This week in Rome, change is in the air in the unlikeliest of places: the Vatican.
Expectations are high that at the conclusion of a month-long meeting of Roman Catholic Church leaders, known as a Synod, there will be a recommendation to change the 1,200-year-old rule requiring mandatory celibacy for priests.
Since Pope Francis’ election in March 2013, these Synods have met every October to discuss pressing issues in the church. This year’s gathering is focused on the Pan-Amazonian region where the land is enduring catastrophic environmental destruction and indigenous peoples are threatened with multiple forms of cultural genocide. Catholics in the region are also affected by a severe shortage of priests, to the point that some are forced to go without access to the Eucharist for months, sometimes even years.
This particular Synod, which began on Oct. 6 and will conclude this Sunday, Oct. 27, has been anticipated for years, with speculation that the Synod Fathers, as they’re called, may open up the possibility of ordaining married men to the Roman Catholic priesthood, at the very least in struggling regions like the Amazon.
After three weeks of meetings here in Rome, with 10 of the 12 working groups discussing the ordination of married men, some Vatican watchers are speculating that the Synod may vote to recommend this major change in church law.
Experts in church doctrine say that the change would be relatively easy since mandatory celibacy for Catholic priests is a “church practice,” and not a “revealed dogma.”
This is in stark contrast to the ban on women’s ordination to the Catholic priesthood, a doctrine, Pope Francis has said more than once, that is unchangeable and not up for discussion.
Though many will see married priests as a groundbreaking moment of progress in a church that has been retrograde in its approach to all issues related to gender and sexuality, it may cause a serious setback for women.
Proof of this is evident in the workings of this Synod.
There are nearly 230 male bishops, priests, and one brother currently meeting in the Synod Hall, 180 of whom will have a vote in the group’s final decision. There are 35 women in the hall serving as auditors, 20 of whom are nuns. Not one of these women has a vote.
Last year, Catholic women activists made international headlines when they campaigned for women to have a vote in the Synod. (The New York Times dubbed them “modern day suffragists.”) That demonstration led the Synod Fathers to declare a greater inclusion of women’s voices in church structures a “duty of justice” that requires a “courageous cultural conversation.”
But they never managed to muster that courage. Women were denied a vote again this year. If married men are allowed to be priests, it won’t be because a woman had any say in the matter.
The treatment of women at this Synod is consistent with the way women have been treated by an all-male hierarchy for centuries: they are voiceless, deprived of any decision-making power, barred from developing church doctrine, and refused all opportunities to serve in sacramental roles. It is hard to imagine how the addition of more men into the current all-male clerical structure would do anything other than reinforce the second-class status of women in the church.
A married male clergy will simply give more power to more men. Women will be made subservient not only to celibate men but to married men, too.

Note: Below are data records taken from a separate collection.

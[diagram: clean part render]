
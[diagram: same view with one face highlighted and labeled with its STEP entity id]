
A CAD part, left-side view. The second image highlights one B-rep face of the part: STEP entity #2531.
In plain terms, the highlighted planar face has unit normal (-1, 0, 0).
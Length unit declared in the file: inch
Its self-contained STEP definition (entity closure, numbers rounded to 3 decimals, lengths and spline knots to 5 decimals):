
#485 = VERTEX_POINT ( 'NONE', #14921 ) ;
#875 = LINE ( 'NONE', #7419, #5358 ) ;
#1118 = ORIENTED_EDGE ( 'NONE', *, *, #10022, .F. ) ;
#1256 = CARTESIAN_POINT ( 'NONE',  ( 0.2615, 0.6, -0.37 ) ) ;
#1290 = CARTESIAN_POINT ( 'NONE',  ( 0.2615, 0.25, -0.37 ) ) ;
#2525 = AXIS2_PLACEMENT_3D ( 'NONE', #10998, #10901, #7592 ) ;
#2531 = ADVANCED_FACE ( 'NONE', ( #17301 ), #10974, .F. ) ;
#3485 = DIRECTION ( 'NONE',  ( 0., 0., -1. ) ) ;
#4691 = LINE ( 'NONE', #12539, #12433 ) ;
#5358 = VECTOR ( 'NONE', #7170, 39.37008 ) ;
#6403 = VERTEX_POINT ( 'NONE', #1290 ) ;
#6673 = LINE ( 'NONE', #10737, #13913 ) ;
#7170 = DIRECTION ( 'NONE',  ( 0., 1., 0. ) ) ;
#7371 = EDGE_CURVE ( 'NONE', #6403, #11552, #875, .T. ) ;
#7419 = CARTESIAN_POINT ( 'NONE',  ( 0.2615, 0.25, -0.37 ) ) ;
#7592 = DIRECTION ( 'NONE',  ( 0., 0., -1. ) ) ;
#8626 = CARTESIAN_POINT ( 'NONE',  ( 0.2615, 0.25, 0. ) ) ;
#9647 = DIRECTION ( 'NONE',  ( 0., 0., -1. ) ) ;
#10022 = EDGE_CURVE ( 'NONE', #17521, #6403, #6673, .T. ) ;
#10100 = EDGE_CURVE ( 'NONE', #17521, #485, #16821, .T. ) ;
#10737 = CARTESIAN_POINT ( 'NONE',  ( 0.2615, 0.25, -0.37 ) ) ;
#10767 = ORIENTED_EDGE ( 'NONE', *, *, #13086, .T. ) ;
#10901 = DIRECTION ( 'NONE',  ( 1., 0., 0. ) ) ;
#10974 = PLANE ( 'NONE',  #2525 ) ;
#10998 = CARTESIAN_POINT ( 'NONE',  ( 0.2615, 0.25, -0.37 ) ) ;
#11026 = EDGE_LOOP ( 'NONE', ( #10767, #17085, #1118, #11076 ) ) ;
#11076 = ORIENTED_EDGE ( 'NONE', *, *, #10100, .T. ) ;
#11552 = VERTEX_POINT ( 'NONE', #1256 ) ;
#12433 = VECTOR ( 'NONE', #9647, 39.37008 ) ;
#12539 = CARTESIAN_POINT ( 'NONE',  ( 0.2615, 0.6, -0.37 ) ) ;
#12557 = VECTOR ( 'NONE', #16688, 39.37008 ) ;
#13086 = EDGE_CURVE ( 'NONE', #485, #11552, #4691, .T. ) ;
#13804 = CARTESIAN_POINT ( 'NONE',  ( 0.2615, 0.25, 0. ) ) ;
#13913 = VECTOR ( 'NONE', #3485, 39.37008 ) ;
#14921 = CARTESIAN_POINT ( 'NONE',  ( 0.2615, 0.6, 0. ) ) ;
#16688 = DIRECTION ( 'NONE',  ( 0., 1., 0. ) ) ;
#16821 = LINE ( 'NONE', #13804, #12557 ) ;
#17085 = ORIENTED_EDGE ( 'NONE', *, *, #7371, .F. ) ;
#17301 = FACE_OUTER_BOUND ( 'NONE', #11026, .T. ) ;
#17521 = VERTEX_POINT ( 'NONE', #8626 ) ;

The inner workings of this year’s Synod have been more secretive and opaque than usual. However, during the event’s opening press conference on Oct. 7, a striking revelation was made by Sister Teresa Cediel Castillo, who ministers with women in the Pan-Amazonian region.
She said that women “know that they are baptized, and therefore, prophets and priests. Women baptize children. If there is a marriage, women witness and celebrate the marriage. If someone has need of confession, we listen to the bottom of our hearts. We may not be able to absolve according to the Church, but we listen with humbleness.”
Pan-Amazonian women have empowered themselves and embraced the power of God that works through them for the sake of a people in desperate need.
What will happen to them and their ministries if married men are suddenly given sacramental power and authority over them? Will the people still turn to women in their most crucial moments when a married man will be able to offer them “the real thing”? What would stop married male priests from supplanting their roles?
The Synod Fathers have repeatedly lamented the degrading treatment of both the Amazon and of women in the region. Yet they fail to see that at the root of all of this suffering is the fundamental idea that men and women are not equal—the very ideology they perpetuate in their rigid insistence that women cannot be priests.
The disproportionate levels that women suffer from poverty, violence, abuse, and lack of education is a direct consequence of this sexist ideology. The ravaging of the life-giving resources provided by our earth is also a direct result of the patriarchal idea that men are entitled to total dominance over nature for their own gratification.
If the Catholic Church, with its global political influence and its charismatic pope, allowed women equal status to men in its priesthood, they could be a powerful force for economic, environmental, and social justice. Allowing married men into the priesthood while continuing to bar women’s ordination will only justify the patriarchal belief that men should rule over the family, the church and the Earth’s resources.
In the Orthodox churches and the Mormon Church a married male priesthood has done nothing to crack the sanctified belief that men are superior to women. Why should things play out any differently in the Roman Catholic tradition with its millennia of marginalizing women?
If indeed there is a victory for married Catholic men this weekend, before we celebrate, we should consider the ways in which a new moment of justice for married men will only exacerbate injustices already faced by women and our planet.